Dealing with Missing Data in Pandas



In Pandas, missing data is represented by two values:

  • None: None — it is a Python singleton object and is often used for missing data in Python code.
  • NaN: NaN (short for Not a Number) — it is a special floating point value recognized by all systems that use the IEEE standard floating point notation.

Pandas consider None and NaN essentially interchangeable to indicate missing or null values. To facilitate this convention, the Pandas DataFrame has several useful functions for detecting, removing and replacing empty values:

In this article, we are using a CSV file, to load the CSV file we are using, click here .

Check missing values ​​using isnull () and notnull()

To check for missing values ​​in the Pandas DataFrame, we use the isnull () function and notnull () . Both functions help to check if the value is NaN or not. These functions can also be used in the Pandas series to find null values ​​in a series.

Check for missing values ​​with isnull ()

To check for null values ​​in a Pandas DataFrame, we use isnull () this function returns a data frame with Boolean values ​​equal to True for NaN values.

Code # 1:

# import pandas as pd

import pandas as pd

 
# import numpy as np

import numpy as np

 
# dictionary of lists

dic t = { `First Score` : [ 100 , 90 , np.nan, 95 ],

`Second Score` : [ 30 , 45 , 56 , np.nan],

`Third Score` : [np.nan, 40 , 80 , 98 ]}

 
# creating a data frame from a list

df = pd.DataFrame ( dict )

 
# using the isnull () function
df.isnull ()

Output:

Code # 2:

# pandas package import

import pandas as pd 

 
# create data frame from CSV file

data = pd.read_csv ( " employees.csv "

 
# create series bool True for NaN values ​​

bool_series = pd.isnull (data [ "Gender" ]) 

 
# data filtering
# display data only with Gender = NaN
data [bool_series] 

Output:
As shown in the output image , only rows that have Gender = NULL are displayed.

Check for missing values ​​using notnull ()

To check for null values ​​in Pandas Dataframe, we use the notnull () function, this function returns a data frame with boolean values ​​that are False for NaN values.

Code # 3:

# import pandas as pd

import pandas as pd

 
# numpy as np

import numpy as np

 
# dictionary of lists

dict = { `First Score` : [ 100 , 90 , np.nan, 95 ],

`Second Score` : [ 30 , 45 , 56 , np.nan],

`Third Score` : [np.nan, 40 , 80 , 98 ]}

 
# create a data frame using a dictionary

df = pd.DataFrame ( dict )

  
# using the notnull () function
df.notnull ()

Output:

Code # 4:

# pandas package import

import pandas as pd 

 
# create data frame from CSV file

data = pd.read_csv ( "employees.csv"

 
# create a bool True series for NaN values ​​

bool_series = pd.notnull (data [ "Gender" ]) 

 
# filtering data
# display data only with Gender = Not NaN
data [bool_series] 

Output:
As shown in the output image, only strings that have Gender = NOT NULL are displayed.

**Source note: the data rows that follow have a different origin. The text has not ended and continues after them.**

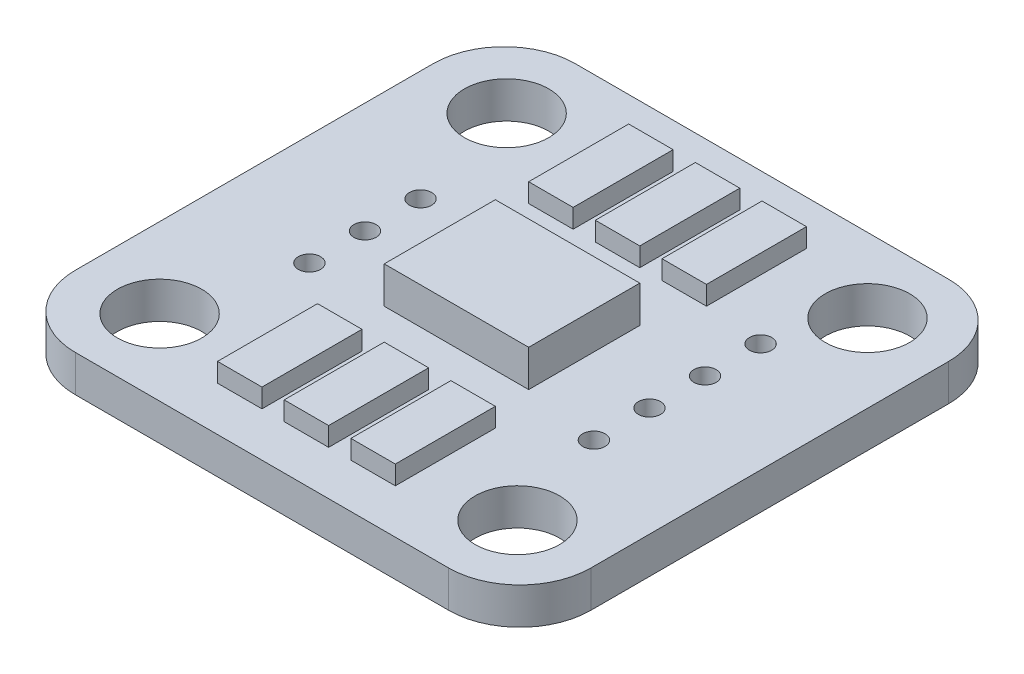
SolidWorks part; units mm, degrees
ref_plane "Front Plane" through (0, 0, 0) normal (0, 0, 1) x (1, 0, 0)
ref_plane "Top Plane" through (0, 0, 0) normal (0, 1, 0) x (1, 0, 0)
ref_plane "Right Plane" through (0, 0, 0) normal (1, 0, 0) x (0, 0, -1)
sketch "Sketch1" plane through (0, 0, 0) normal (0, 1, 0) x (1, 0, 0)
  line L1 (-8.4, -11.25) -> (8.4, -11.25)
  line L2 (-11.6, -8.05) -> (-11.6, 8.05)
  line L3 (-8.4, 11.25) -> (8.4, 11.25)
  line L4 (11.6, -8.05) -> (11.6, 8.05)
  line L5 (-11.6, -11.25) -> (11.6, 11.25) construction
  line L6 (-11.6, 11.25) -> (11.6, -11.25) construction
  line L7 (-8.0152, -7.8409) -> (8.0848, -7.8409) construction
  line L8 (-8.0152, -7.8409) -> (-8.0152, 7.7733) construction
  line L10 (8.0848, -7.8409) -> (8.0848, 7.9091) construction
  line L11 (-8.0152, -7.8409) -> (8.0848, 7.9091) construction
  line L12 (-8.0152, 7.7733) -> (8.0848, -7.8409) construction
  circle A0 centre (-8.0152, 7.7733) radius 1.9
  circle A1 centre (8.0848, 7.9091) radius 1.9
  circle A2 centre (8.0848, -7.8409) radius 1.9
  circle A3 centre (-8.0152, -7.8409) radius 1.9
  arc A4 (-8.4, -11.25) -> (-11.6, -8.05) centre (-8.4, -8.05) cw
  arc A5 (8.4, -11.25) -> (11.6, -8.05) centre (8.4, -8.05) ccw
  arc A6 (8.4, 11.25) -> (11.6, 8.05) centre (8.4, 8.05) cw
  arc A7 (-11.6, 8.05) -> (-8.4, 11.25) centre (-8.4, 8.05) cw
  point P0 (0, 0)
  point P6 (0, 0)
  point P14 (10.2909, -7.4182)
  point P15 (0, 0)
  point P16 (8.1091, -6.1818)
  point P20 (8.1128, -9.3818)
  point P21 (-9.1273, 5.0182)
  point P22 (0, 0)
  point P23 (0, 0)
  point P24 (0, 0)
  point P25 (0, 0)
  point P26 (-6.9957, 5.2586)
  dimension "D5" = 3.8
  dimension "D6" = 3.2
  dimension "D1" = 23.2
  dimension "D2" = 22.5
  dimension "D3" = 15.75
  dimension "D4" = 16.1
extrude "Boss-Extrude1" add sketch "Sketch1" along normal blind 1.65
sketch "Sketch3" plane through (0, 1.65, 0) normal (0, 1, 0) x (1, 0, 0)
  line L0 (0, 11.25) -> (0, -11.25) construction
  line L1 (8.4, 11.25) -> (-8.4, 11.25) construction
  line L2 (-8.4, -11.25) -> (8.4, -11.25) construction
  line L3 (2, 4.75) -> (4, 4.75)
  line L4 (-1, 4.75) -> (1, 4.75)
  line L5 (-1, 4.75) -> (-1, 9.25)
  line L6 (-1, 9.25) -> (1, 9.25)
  line L7 (1, 4.75) -> (1, 9.25)
  line L8 (-1, 4.75) -> (1, 9.25) construction
  line L9 (-1, 9.25) -> (1, 4.75) construction
  line L10 (2, 4.75) -> (2, 9.25)
  line L11 (2, 9.25) -> (4, 9.25)
  line L12 (4, 4.75) -> (4, 9.25)
  line L13 (2, 4.75) -> (4, 9.25) construction
  line L14 (2, 9.25) -> (4, 4.75) construction
  line L15 (-2, 9.25) -> (-4, 4.75) construction
  line L16 (-2, 4.75) -> (-4, 9.25) construction
  line L17 (-4, 4.75) -> (-4, 9.25)
  line L18 (-2, 9.25) -> (-4, 9.25)
  line L19 (-2, 4.75) -> (-2, 9.25)
  line L20 (-2, 4.75) -> (-4, 4.75)
  line L21 (-11.6, 0) -> (11.6, 0) construction
  line L22 (-11.6, 8.05) -> (-11.6, -8.05) construction
  line L23 (11.6, -8.05) -> (11.6, 8.05) construction
  line L24 (-2, -4.75) -> (-4, -9.25) construction
  line L25 (-2, -9.25) -> (-4, -4.75) construction
  line L26 (2, -9.25) -> (4, -4.75) construction
  line L27 (2, -4.75) -> (4, -9.25) construction
  line L28 (-1, -9.25) -> (1, -4.75) construction
  line L29 (-1, -4.75) -> (1, -9.25) construction
  line L30 (-2, -4.75) -> (-4, -4.75)
  line L31 (-2, -4.75) -> (-2, -9.25)
  line L32 (-2, -9.25) -> (-4, -9.25)
  line L33 (-4, -4.75) -> (-4, -9.25)
  line L34 (4, -4.75) -> (4, -9.25)
  line L35 (2, -9.25) -> (4, -9.25)
  line L36 (2, -4.75) -> (2, -9.25)
  line L37 (1, -4.75) -> (1, -9.25)
  line L38 (-1, -9.25) -> (1, -9.25)
  line L39 (-1, -4.75) -> (-1, -9.25)
  line L40 (-1, -4.75) -> (1, -4.75)
  line L41 (2, -4.75) -> (4, -4.75)
  point P6 (0, 7)
  point P11 (3, 7)
  point P20 (-3, 7)
  point P39 (-3, -7)
  point P40 (3, -7)
  point P41 (0, -7)
  dimension "D1" = 2
  dimension "D2" = 4.5
  dimension "D3" = 2
  dimension "D5" = 6
  dimension "D4" = 2
extrude "Boss-Extrude2" add sketch "Sketch3" along normal offset from surface (0.85 mm away) 2.5 contours L20 L19 L18 L17 | L4 L7 L6 L5 | L3 L12 L11 L10 | L41 L36 L35 L34 | L40 L39 L38 L37 | L30 L33 L32 L31 region at (3, 1.65, -7) region at (0, 1.65, -7) region at (-3, 1.65, -7) region at (-3, 1.65, 7) region at (3, 1.65, 7) region at (0, 1.65, 7) up to face at (8.0848, 0, 9.7409)
sketch "Sketch4" plane through (0, 1.65, 0) normal (0, 1, 0) x (1, 0, 0)
  line L1 (-3.25, -2.5) -> (3.25, -2.5)
  line L2 (-3.25, -2.5) -> (-3.25, 2.5)
  line L3 (-3.25, 2.5) -> (3.25, 2.5)
  line L4 (3.25, -2.5) -> (3.25, 2.5)
  line L5 (-3.25, -2.5) -> (3.25, 2.5) construction
  line L6 (-3.25, 2.5) -> (3.25, -2.5) construction
  point P0 (0, 0)
  dimension "D1" = 6.5
  dimension "D2" = 5
extrude "Boss-Extrude3" add sketch "Sketch4" along normal offset from surface (1.65 mm away) 3.3 up to face at (8.0848, 0, 9.7409)
sketch "Sketch5" plane through (0, 1.65, 0) normal (0, 1, 0) x (1, 0, 0)
  line L0 (6.6848, 4.5) -> (6.6848, 2) construction
  line L1 (6.6848, 2) -> (6.6848, -0.5) construction
  line L2 (6.6848, -0.5) -> (6.6848, -3) construction
  line L3 (-6.6152, 2.5) -> (-6.6152, 0) construction
  line L4 (-6.6152, 0) -> (-6.6152, -2.5) construction
  line L5 (6.6848, 2.5) -> (3.25, 2.5) construction
  line L6 (-6.1152, 7.7733) -> (-6.1152, -7.8409) construction
  line L7 (6.1848, 7.9091) -> (6.1848, -7.8409) construction
  circle A0 centre (-6.6152, 0) radius 0.5
  circle A1 centre (-6.6152, 2.5) radius 0.5
  circle A2 centre (-6.6152, -2.5) radius 0.5
  circle A3 centre (6.6848, 4.5) radius 0.5
  circle A4 centre (6.6848, 2) radius 0.5
  circle A5 centre (6.6848, -0.5) radius 0.5
  circle A6 centre (6.6848, -3) radius 0.5
  circle A7 centre (-8.0152, 7.7733) radius 1.9 construction
  circle A8 centre (-8.0152, -7.8409) radius 1.9 construction
  circle A9 centre (8.0848, 7.9091) radius 1.9 construction
  circle A10 centre (8.0848, -7.8409) radius 1.9 construction
  dimension "D2" = 1
  dimension "D1" = 2.5
extrude "Cut-Extrude1" cut sketch "Sketch5" against normal through all

Filling in missing values ​​with fillna () , replace () and interpolate()

To fill in null values ​​in datasets, we use fillna () , replace () and interpolate () these functions replace NaN values ​​with some native value. All of these functions help fill in null values ​​in DataFrame datasets. The Interpolate () function is mainly used to fill in NA values ​​in a data frame, but it uses various interpolation techniques to fill in missing values ​​rather than hardcoding the value.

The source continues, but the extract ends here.